Most hosts of Eccrinales, however, seem to contain but one trichomycete species. This generalization is not true for some larval aquatic insects, which commonly contain two or more species of Harpellales and Amoebidiales (see Chapter 6). While the trichomycetes in larval insects are usually quite distinct and do not show the range of variation exhibited by some Eccrinales, the proliferation of growth and mixture of species may make it difficult at times to associate zygospores with their related trichospores.
Experimental methods using axenic cultures and host inoculations can aid in the resolution of taxonomic problems, but often they are not practicable or possible. Furthermore, culture conditions do not replicate conditions in the gut, and even if cultures of some of the more variable species were available, they would not likely produce the full range of variation found in natural development. In the absence of such experimental methods, several criteria may be used to help in taxonomic determinations of trichomycetes:
(1) Host taxa alone should not be used to distinguish trichomycete species; notwithstanding, host identification can be a useful primary consideration in restricting the options for identifying a given trichomycete on hand.

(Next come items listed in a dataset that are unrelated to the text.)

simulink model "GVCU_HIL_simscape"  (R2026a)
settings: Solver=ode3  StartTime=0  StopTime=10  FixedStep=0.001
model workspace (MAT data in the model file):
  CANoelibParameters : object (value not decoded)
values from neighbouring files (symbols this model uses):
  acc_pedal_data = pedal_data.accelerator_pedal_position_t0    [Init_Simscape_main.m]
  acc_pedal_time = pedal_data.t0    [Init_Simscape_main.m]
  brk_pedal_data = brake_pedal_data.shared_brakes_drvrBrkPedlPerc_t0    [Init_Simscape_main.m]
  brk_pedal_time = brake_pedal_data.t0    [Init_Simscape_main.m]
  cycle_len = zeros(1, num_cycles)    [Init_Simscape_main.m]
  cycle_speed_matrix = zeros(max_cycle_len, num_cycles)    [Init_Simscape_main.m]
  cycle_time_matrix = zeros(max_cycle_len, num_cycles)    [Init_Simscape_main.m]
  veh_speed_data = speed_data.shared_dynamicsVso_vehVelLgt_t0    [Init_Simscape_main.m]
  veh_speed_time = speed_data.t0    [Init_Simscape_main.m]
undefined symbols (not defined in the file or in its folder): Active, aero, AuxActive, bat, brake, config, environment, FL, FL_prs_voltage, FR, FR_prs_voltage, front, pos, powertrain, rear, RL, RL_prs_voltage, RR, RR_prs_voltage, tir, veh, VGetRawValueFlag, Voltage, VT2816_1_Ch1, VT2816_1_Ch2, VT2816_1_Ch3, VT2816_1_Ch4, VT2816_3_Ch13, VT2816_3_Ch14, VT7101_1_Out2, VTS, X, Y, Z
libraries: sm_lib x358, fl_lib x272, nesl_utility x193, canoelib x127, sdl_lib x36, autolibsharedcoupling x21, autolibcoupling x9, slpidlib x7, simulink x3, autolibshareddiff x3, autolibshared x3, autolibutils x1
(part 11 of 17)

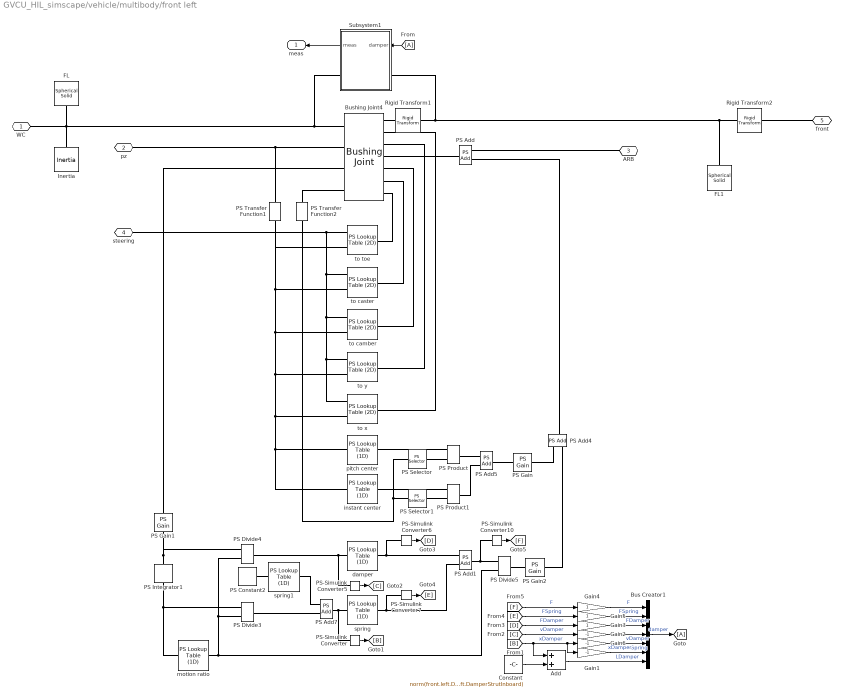
== system GVCU_HIL_simscape/vehicle/multibody/front left ==
  Add : Sum
  Bus Creator1 : BusCreator  Inputs=7
  Bushing Joint4 : sm_lib/Joints/Bushing Joint  JointMode=Normal  CompositeWrenchDir=FollowerOnBase  CompositeWrenchFrame=BaseFrame  SenseConstraintForce=off  SenseConstraintTorque=off  SenseTotalForce=on  SenseTotalTorque=off  PxPositionTargetSpecify=off  PxPositionTargetPriority=High  PxPositionTargetValue=0  PxPositionTargetValueUnits=m  PxVelocityTargetSpecify=off  PxVelocityTargetPriority=High  PxVelocityTargetValue=0  PxVelocityTargetValueUnits=m/s  PxEquilibriumPosition=0  PxEquilibriumPositionUnits=m  PxSpringStiffness=0  PxSpringStiffnessUnits=N/m  PxDampingCoefficient=0  PxDampingCoefficientUnits=N/(m/s)  PxLowerLimitSpecify=off  PxLowerLimitBound=-1  PxLowerLimitBoundUnits=m  PxLowerLimitStiffness=1e6  PxLowerLimitStiffnessUnits=N/m  PxLowerLimitDamping=1e3  PxLowerLimitDampingUnits=N/(m/s)  PxLowerLimitTransitionRegionWidth=1e-4  PxLowerLimitTransitionRegionWidthUnits=m  PxUpperLimitSpecify=off  PxUpperLimitBound=1  PxUpperLimitBoundUnits=m  PxUpperLimitStiffness=1e6  PxUpperLimitStiffnessUnits=N/m  PxUpperLimitDamping=1e3  PxUpperLimitDampingUnits=N/(m/s)  PxUpperLimitTransitionRegionWidth=1e-4  PxUpperLimitTransitionRegionWidthUnits=m  PxTorqueActuationMode=ComputedTorque  PxMotionActuationMode=InputMotion  PxSensePosition=off  PxSenseVelocity=off  PxSenseAcceleration=off  PxSenseTorqueForce=off  PxSenseLowerLimitTorqueForce=off  PxSenseUpperLimitTorqueForce=off  PyPositionTargetSpecify=off  PyPositionTargetPriority=High  PyPositionTargetValue=0  PyPositionTargetValueUnits=m  PyVelocityTargetSpecify=off  PyVelocityTargetPriority=High  PyVelocityTargetValue=0  PyVelocityTargetValueUnits=m/s  PyEquilibriumPosition=0  PyEquilibriumPositionUnits=m  PySpringStiffness=0  PySpringStiffnessUnits=N/m  PyDampingCoefficient=0  PyDampingCoefficientUnits=N/(m/s)  PyLowerLimitSpecify=off  PyLowerLimitBound=-1  PyLowerLimitBoundUnits=m  PyLowerLimitStiffness=1e6  PyLowerLimitStiffnessUnits=N/m  PyLowerLimitDamping=1e3  PyLowerLimitDampingUnits=N/(m/s)  PyLowerLimitTransitionRegionWidth=1e-4  PyLowerLimitTransitionRegionWidthUnits=m  PyUpperLimitSpecify=off  PyUpperLimitBound=1  PyUpperLimitBoundUnits=m  PyUpperLimitStiffness=1e6  PyUpperLimitStiffnessUnits=N/m  PyUpperLimitDamping=1e3  PyUpperLimitDampingUnits=N/(m/s)  PyUpperLimitTransitionRegionWidth=1e-4  PyUpperLimitTransitionRegionWidthUnits=m  PyTorqueActuationMode=ComputedTorque  PyMotionActuationMode=InputMotion  PySensePosition=off  PySenseVelocity=off  PySenseAcceleration=off  PySenseTorqueForce=off  PySenseLowerLimitTorqueForce=off  PySenseUpperLimitTorqueForce=off  PzPositionTargetSpecify=off  PzPositionTargetPriority=High  PzPositionTargetValue=0  PzPositionTargetValueUnits=m  PzVelocityTargetSpecify=off  PzVelocityTargetPriority=High  PzVelocityTargetValue=0  PzVelocityTargetValueUnits=m/s  PzEquilibriumPosition=0  PzEquilibriumPositionUnits=m  PzSpringStiffness=0  PzSpringStiffnessUnits=N/m  PzDampingCoefficient=0  PzDampingCoefficientUnits=N/(m/s)  PzLowerLimitSpecify=off  PzLowerLimitBound=-1  PzLowerLimitBoundUnits=m  PzLowerLimitStiffness=1e6  PzLowerLimitStiffnessUnits=N/m  PzLowerLimitDamping=1e3  PzLowerLimitDampingUnits=N/(m/s)  PzLowerLimitTransitionRegionWidth=1e-4  PzLowerLimitTransitionRegionWidthUnits=m  PzUpperLimitSpecify=off  PzUpperLimitBound=1  PzUpperLimitBoundUnits=m  PzUpperLimitStiffness=1e6  PzUpperLimitStiffnessUnits=N/m  PzUpperLimitDamping=1e3  PzUpperLimitDampingUnits=N/(m/s)  PzUpperLimitTransitionRegionWidth=1e-4  PzUpperLimitTransitionRegionWidthUnits=m  PzTorqueActuationMode=InputTorque  PzMotionActuationMode=ComputedMotion  PzSensePosition=on  PzSenseVelocity=on  PzSenseAcceleration=off  PzSenseTorqueForce=off  PzSenseLowerLimitTorqueForce=off  PzSenseUpperLimitTorqueForce=off  RxPositionTargetSpecify=off  RxPositionTargetPriority=High  RxPositionTargetValue=0  RxPositionTargetValueUnits=deg  RxVelocityTargetSpecify=off  RxVelocityTargetPriority=High  RxVelocityTargetValue=0  RxVelocityTargetValueUnits=deg/s  RxEquilibriumPosition=0  RxEquilibriumPositionUnits=deg  RxSpringStiffness=0  RxSpringStiffnessUnits=N*m/deg  RxDampingCoefficient=0  RxDampingCoefficientUnits=N*m/(deg/s)  RxLowerLimitSpecify=off  RxLowerLimitBound=-90  RxLowerLimitBoundUnits=deg  RxLowerLimitStiffness=1e4  RxLowerLimitStiffnessUnits=N*m/deg  RxLowerLimitDamping=10  RxLowerLimitDampingUnits=N*m/(deg/s)  RxLowerLimitTransitionRegionWidth=0.1  RxLowerLimitTransitionRegionWidthUnits=deg  RxUpperLimitSpecify=off  RxUpperLimitBound=90  RxUpperLimitBoundUnits=deg  RxUpperLimitStiffness=1e4  RxUpperLimitStiffnessUnits=N*m/deg  RxUpperLimitDamping=10  RxUpperLimitDampingUnits=N*m/(deg/s)  RxUpperLimitTransitionRegionWidth=0.1  RxUpperLimitTransitionRegionWidthUnits=deg  RxTorqueActuationMode=ComputedTorque  RxMotionActuationMode=InputMotion  RxSensePosition=off  RxSenseVelocity=off  RxSenseAcceleration=off  RxSenseTorqueForce=off  RxSenseLowerLimitTorqueForce=off  RxSenseUpperLimitTorqueForce=off  RyPositionTargetSpecify=off  RyPositionTargetPriority=High  RyPositionTargetValue=0  RyPositionTargetValueUnits=deg  RyVelocityTargetSpecify=off  RyVelocityTargetPriority=High  RyVelocityTargetValue=0  RyVelocityTargetValueUnits=deg/s  RyEquilibriumPosition=0  RyEquilibriumPositionUnits=deg  RySpringStiffness=0  RySpringStiffnessUnits=N*m/deg  RyDampingCoefficient=0  RyDampingCoefficientUnits=N*m/(deg/s)  RyLowerLimitSpecify=off  RyLowerLimitBound=-90  RyLowerLimitBoundUnits=deg  RyLowerLimitStiffness=1e4  RyLowerLimitStiffnessUnits=N*m/deg  RyLowerLimitDamping=10  RyLowerLimitDampingUnits=N*m/(deg/s)  RyLowerLimitTransitionRegionWidth=0.1  RyLowerLimitTransitionRegionWidthUnits=deg  RyUpperLimitSpecify=off  RyUpperLimitBound=90  RyUpperLimitBoundUnits=deg  RyUpperLimitStiffness=1e4  RyUpperLimitStiffnessUnits=N*m/deg  RyUpperLimitDamping=10  RyUpperLimitDampingUnits=N*m/(deg/s)  RyUpperLimitTransitionRegionWidth=0.1  RyUpperLimitTransitionRegionWidthUnits=deg  RyTorqueActuationMode=ComputedTorque  RyMotionActuationMode=InputMotion  RySensePosition=off  RySenseVelocity=off  RySenseAcceleration=off  RySenseTorqueForce=off  RySenseLowerLimitTorqueForce=off  RySenseUpperLimitTorqueForce=off  RzPositionTargetSpecify=off  RzPositionTargetPriority=High  RzPositionTargetValue=0  RzPositionTargetValueUnits=deg  RzVelocityTargetSpecify=off  RzVelocityTargetPriority=High  RzVelocityTargetValue=0  RzVelocityTargetValueUnits=deg/s  RzEquilibriumPosition=0  RzEquilibriumPositionUnits=deg  RzSpringStiffness=0  RzSpringStiffnessUnits=N*m/deg  RzDampingCoefficient=0  RzDampingCoefficientUnits=N*m/(deg/s)  RzLowerLimitSpecify=off  RzLowerLimitBound=-90  RzLowerLimitBoundUnits=deg  RzLowerLimitStiffness=1e4  RzLowerLimitStiffnessUnits=N*m/deg  RzLowerLimitDamping=10  RzLowerLimitDampingUnits=N*m/(deg/s)  RzLowerLimitTransitionRegionWidth=0.1  RzLowerLimitTransitionRegionWidthUnits=deg  RzUpperLimitSpecify=off  RzUpperLimitBound=90  RzUpperLimitBoundUnits=deg  RzUpperLimitStiffness=1e4  RzUpperLimitStiffnessUnits=N*m/deg  RzUpperLimitDamping=10  RzUpperLimitDampingUnits=N*m/(deg/s)  RzUpperLimitTransitionRegionWidth=0.1  RzUpperLimitTransitionRegionWidthUnits=deg  RzTorqueActuationMode=ComputedTorque  RzMotionActuationMode=InputMotion  RzSensePosition=off  RzSenseVelocity=off  RzSenseAcceleration=off  RzSenseTorqueForce=off  RzSenseLowerLimitTorqueForce=off  RzSenseUpperLimitTorqueForce=off
  Constant : Constant  Value=norm(front.left.DamperStrutOutboard-front.left.DamperStrutInboard)
  FL : sm_lib/Body Elements/Spherical Solid  SphereRadius=vis.joint.r  SphereRadiusUnits=m  ExportEntireGeometry=off  InertiaType=PointMass  BasedOnType=Density  Density=0  DensityUnits=kg/m^3  Mass=0  MassUnits=kg  CenterOfMass=[0 0 0]  CenterOfMassUnits=m  MomentsOfInertia=[1 1 1]  MomentsOfInertiaUnits=kg*m^2  ProductsOfInertia=[0 0 0]  ProductsOfInertiaUnits=kg*m^2  GraphicType=FromGeometry  MarkerShape=Sphere  MarkerSize=10  GraphicVisPropType=SimpleVisualProperties  GraphicDiffuseColor=vis.joint.color  GraphicOpacity=1  GraphicSpecularColor=[0.5 0.5 0.5 1.0]  GraphicAmbientColor=[0.15 0.15 0.15 1.0]  GraphicEmissiveColor=[0.0 0.0 0.0 1.0]  GraphicShininess=75  DoExposeReferenceFrame=on  SerializedFrames=<Frames/>
  FL1 : sm_lib/Body Elements/Spherical Solid  SphereRadius=vis.joint.r  SphereRadiusUnits=m  ExportEntireGeometry=off  InertiaType=PointMass  BasedOnType=Density  Density=0  DensityUnits=kg/m^3  Mass=0  MassUnits=kg  CenterOfMass=[0 0 0]  CenterOfMassUnits=m  MomentsOfInertia=[1 1 1]  MomentsOfInertiaUnits=kg*m^2  ProductsOfInertia=[0 0 0]  ProductsOfInertiaUnits=kg*m^2  GraphicType=FromGeometry  MarkerShape=Sphere  MarkerSize=10  GraphicVisPropType=SimpleVisualProperties  GraphicDiffuseColor=vis.joint.color  GraphicOpacity=1  GraphicSpecularColor=[0.5 0.5 0.5 1.0]  GraphicAmbientColor=[0.15 0.15 0.15 1.0]  GraphicEmissiveColor=[0.0 0.0 0.0 1.0]  GraphicShininess=75  DoExposeReferenceFrame=on  SerializedFrames=<Frames/>
  From : From
  Gain1 : Gain  Gain=-1
  Gain2 : Gain  Gain=-1
  Gain3 : Gain
  Gain4 : Gain
  Gain5 : Gain
  Gain6 : Gain  Gain=-1
  Goto : Goto
  Inertia : sm_lib/Body Elements/Inertia  InertiaType=PointMass  Mass=front.unsprung_mass  MassUnits=kg  CenterOfMass=[0 0 0]  CenterOfMassUnits=m  MomentsOfInertia=[1 1 1]  MomentsOfInertiaUnits=kg*m^2  ProductsOfInertia=[0 0 0]  ProductsOfInertiaUnits=kg*m^2  GraphicType=None  MarkerShape=Inertia  MarkerSize=20  GraphicVisPropType=SimpleVisualProperties  GraphicDiffuseColor=[0.5 0.5 0.5]  GraphicOpacity=1  GraphicSpecularColor=[0.5 0.5 0.5 1.0]  GraphicAmbientColor=[0.15 0.15 0.15 1.0]  GraphicEmissiveColor=[0.0 0.0 0.0 1.0]  GraphicShininess=75
  PS Add{,1,4..5,7} (5 alike) : fl_lib/Physical Signals/Functions/PS Add
  PS Constant2 : fl_lib/Physical Signals/Sources/PS Constant  constant=front.spring.preload N
  PS Divide3 : fl_lib/Physical Signals/Functions/PS Divide
  PS Divide4 : fl_lib/Physical Signals/Functions/PS Divide
  PS Divide5 : fl_lib/Physical Signals/Functions/PS Divide
  PS Gain : fl_lib/Physical Signals/Functions/PS Gain  gain=1
  PS Gain1 : fl_lib/Physical Signals/Functions/PS Gain  gain=1
  PS Gain2 : fl_lib/Physical Signals/Functions/PS Gain  gain=-1
  PS Integrator1 : fl_lib/Physical Signals/Linear Operators/PS Integrator  reset_method=foundation.enum.IntegratorResetSpec.None  initial_condition_spec=foundation.enum.IntegratorICSpec.Internal  saturation_spec=foundation.enum.IntegratorSaturationSpec.None  saturation_source_spec=foundation.enum.IntegratorSaturationSourceSpec.Internal  x0=0 m  xu=inf s  xl=-inf s
  PS Product : fl_lib/Physical Signals/Functions/PS Product
  PS Product1 : fl_lib/Physical Signals/Functions/PS Product
  PS Selector : fl_lib/Physical Signals/Nonlinear Operators/PS Selector  ix=1
  PS Selector1 : fl_lib/Physical Signals/Nonlinear Operators/PS Selector  ix=2
  PS Transfer Function1 : fl_lib/Physical Signals/Linear Operators/PS Transfer Function  transfer_function_type=foundation.enum.transfer_function_type.lag  T=0.001 s  T1=2 s  T2=1 s  reset_method=foundation.enum.IntegratorResetSpec.None  initial_condition_spec=foundation.enum.IntegratorICSpec.Internal  y0=0 m
  PS Transfer Function2 : fl_lib/Physical Signals/Linear Operators/PS Transfer Function  transfer_function_type=foundation.enum.transfer_function_type.lag  T=0.001 s  T1=2 s  T2=1 s  reset_method=foundation.enum.IntegratorResetSpec.None  initial_condition_spec=foundation.enum.IntegratorICSpec.Internal  y0=0 N
  PS-Simulink Converter{,5..7,10} (5 alike) : nesl_utility/PS-Simulink Converter  PhysicalDomain=network_engine_domain  SubClassName=ps_output  LeftPortType=input  RightPortType=output  PseudoPeriodic=off  Frequencies=[]  VectorFormat=inherit  Unit=inherit  AffineConversion=off
  Rigid Transform1 : sm_lib/Frames and Transforms/Rigid Transform  RotationMethod=RotationSequence  FollAlignAxisA=+X  BaseAlignAxisA=+Y  FollAlignAxisB=+Y  BaseAlignAxisB=+Z  RotationStandardAxis=+X  RotationAngle=0.5  RotationAngleUnits=deg  RotationArbitraryAxis=[0 0 1]  RotationSequenceAxes=FollowerAxes  RotationSequence=XYZ  RotationSequenceAngles=[-front.wheel.camber 0 front.wheel.toe]  RotationSequenceAnglesUnits=deg  RotationMatrix=[1 0 0;0 1 0;0 0 1]  Quaternion=[1 0 0 0]  TranslationMethod=None  TranslationCartesianOffset=[0 0 0]  TranslationCartesianOffsetUnits=m  TranslationStandardAxis=+Z  TranslationStandardOffset=0  TranslationStandardOffsetUnits=m  TranslationROffset=0  TranslationROffsetUnits=m  TranslationThetaOffset=0  TranslationThetaOffsetUnits=deg  TranslationZOffset=0  TranslationZOffsetUnits=m
  Rigid Transform2 : sm_lib/Frames and Transforms/Rigid Transform  RotationMethod=None  FollAlignAxisA=+X  BaseAlignAxisA=+Y  FollAlignAxisB=+Y  BaseAlignAxisB=+Z  RotationStandardAxis=+Z  RotationAngle=0  RotationAngleUnits=deg  RotationArbitraryAxis=[0 0 1]  RotationSequenceAxes=FollowerAxes  RotationSequence=XYX  RotationSequenceAngles=[0 0 0]  RotationSequenceAnglesUnits=deg  RotationMatrix=[1 0 0;0 1 0;0 0 1]  Quaternion=[1 0 0 0]  TranslationMethod=Cartesian  TranslationCartesianOffset=front.left.WheelC  TranslationCartesianOffsetUnits=m  TranslationStandardAxis=+Z  TranslationStandardOffset=0  TranslationStandardOffsetUnits=m  TranslationROffset=0  TranslationROffsetUnits=m  TranslationThetaOffset=0  TranslationThetaOffsetUnits=deg  TranslationZOffset=0  TranslationZOffsetUnits=m
  Subsystem1 : Subsystem
  damper : fl_lib/Physical Signals/Lookup Tables/PS Lookup Table (1D)  x=front.damper.v m/s  f=front.damper.N N  interp_method=simscape.enum.interpolation.linear  extrap_method=simscape.enum.extrapolation.linear
  instant center : fl_lib/Physical Signals/Lookup Tables/PS Lookup Table (1D)  x=front.z_bp m  f=tan(-front.IC_alpha)  interp_method=simscape.enum.interpolation.linear  extrap_method=simscape.enum.extrapolation.linear
  motion ratio : fl_lib/Physical Signals/Lookup Tables/PS Lookup Table (1D)  x=front.z_bp m  f=front.spring.mr_bp  interp_method=simscape.enum.interpolation.linear  extrap_method=simscape.enum.extrapolation.nearest
  pitch center : fl_lib/Physical Signals/Lookup Tables/PS Lookup Table (1D)  x=front.z_bp m  f=tan(-front.PC_alpha)  interp_method=simscape.enum.interpolation.linear  extrap_method=simscape.enum.extrapolation.linear
  spring : fl_lib/Physical Signals/Lookup Tables/PS Lookup Table (1D)  x=front.spring.l m  f=front.spring.N N  interp_method=simscape.enum.interpolation.linear  extrap_method=simscape.enum.extrapolation.linear
  spring1 : fl_lib/Physical Signals/Lookup Tables/PS Lookup Table (1D)  x=front.spring.N(2:end) N  f=front.spring.l(2:end) m  interp_method=simscape.enum.interpolation.linear  extrap_method=simscape.enum.extrapolation.linear
  to camber : fl_lib/Physical Signals/Lookup Tables/PS Lookup Table (2D)  x1=front.tierod_bp m  x2=front.z_bp m  f=front.left.camber_bp rad  interp_method=simscape.enum.interpolation.linear  extrap_method=simscape.enum.extrapolation.linear
  to caster : fl_lib/Physical Signals/Lookup Tables/PS Lookup Table (2D)  x1=front.tierod_bp m  x2=front.z_bp m  f=front.left.caster_bp rad  interp_method=simscape.enum.interpolation.linear  extrap_method=simscape.enum.extrapolation.linear
  to toe : fl_lib/Physical Signals/Lookup Tables/PS Lookup Table (2D)  x1=front.tierod_bp m  x2=front.z_bp m  f=front.left.toe_bp rad  interp_method=simscape.enum.interpolation.linear  extrap_method=simscape.enum.extrapolation.linear
  to x : fl_lib/Physical Signals/Lookup Tables/PS Lookup Table (2D)  x1=front.tierod_bp m  x2=front.z_bp m  f=front.left.x_bp m  interp_method=simscape.enum.interpolation.linear  extrap_method=simscape.enum.extrapolation.linear
  to y : fl_lib/Physical Signals/Lookup Tables/PS Lookup Table (2D)  x1=front.tierod_bp m  x2=front.z_bp m  f=front.left.y_bp m  interp_method=simscape.enum.interpolation.linear  extrap_method=simscape.enum.extrapolation.linear
  WC : PMIOPort  Side=Left
  pz : PMIOPort  Port=2  Side=Right
  ARB : PMIOPort  Port=3  Side=Right
  steering : PMIOPort  Port=4  Side=Right
  front : PMIOPort  Port=5  Side=Right
  meas : Outport
  wires:
  Subsystem1/1(meas) -> meas/1
  Add/1 -> Bus Creator1/7  "LDamper"
  Bus Creator1/1 -> Goto/1  "damper"
  [E] -> Gain5/1  "FSpring"
  Gain2/1 -> Bus Creator1/4  "vDamper"
  Gain1/1 -> Bus Creator1/6  "xSpring"
  [D] -> Gain3/1  "FDamper"
  Gain4/1 -> Bus Creator1/1  "F"
  [C] -> Gain2/1  "vDamper"
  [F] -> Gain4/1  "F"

(2) Studies should include reasonably large samples of hosts so as to comprehend the fungal variations possible within species.
(3) Collections should preferably be made at different seasons of the year and at different. stages of host development (immature, adult, or molting individuals).
(4) If any given trichomycete species appears to have a wide latitude of morphological features within one host species, one can suspect that, if it does occur in other hosts, it may be variable there also, and this should be taken into consideration when making taxonomic assessments.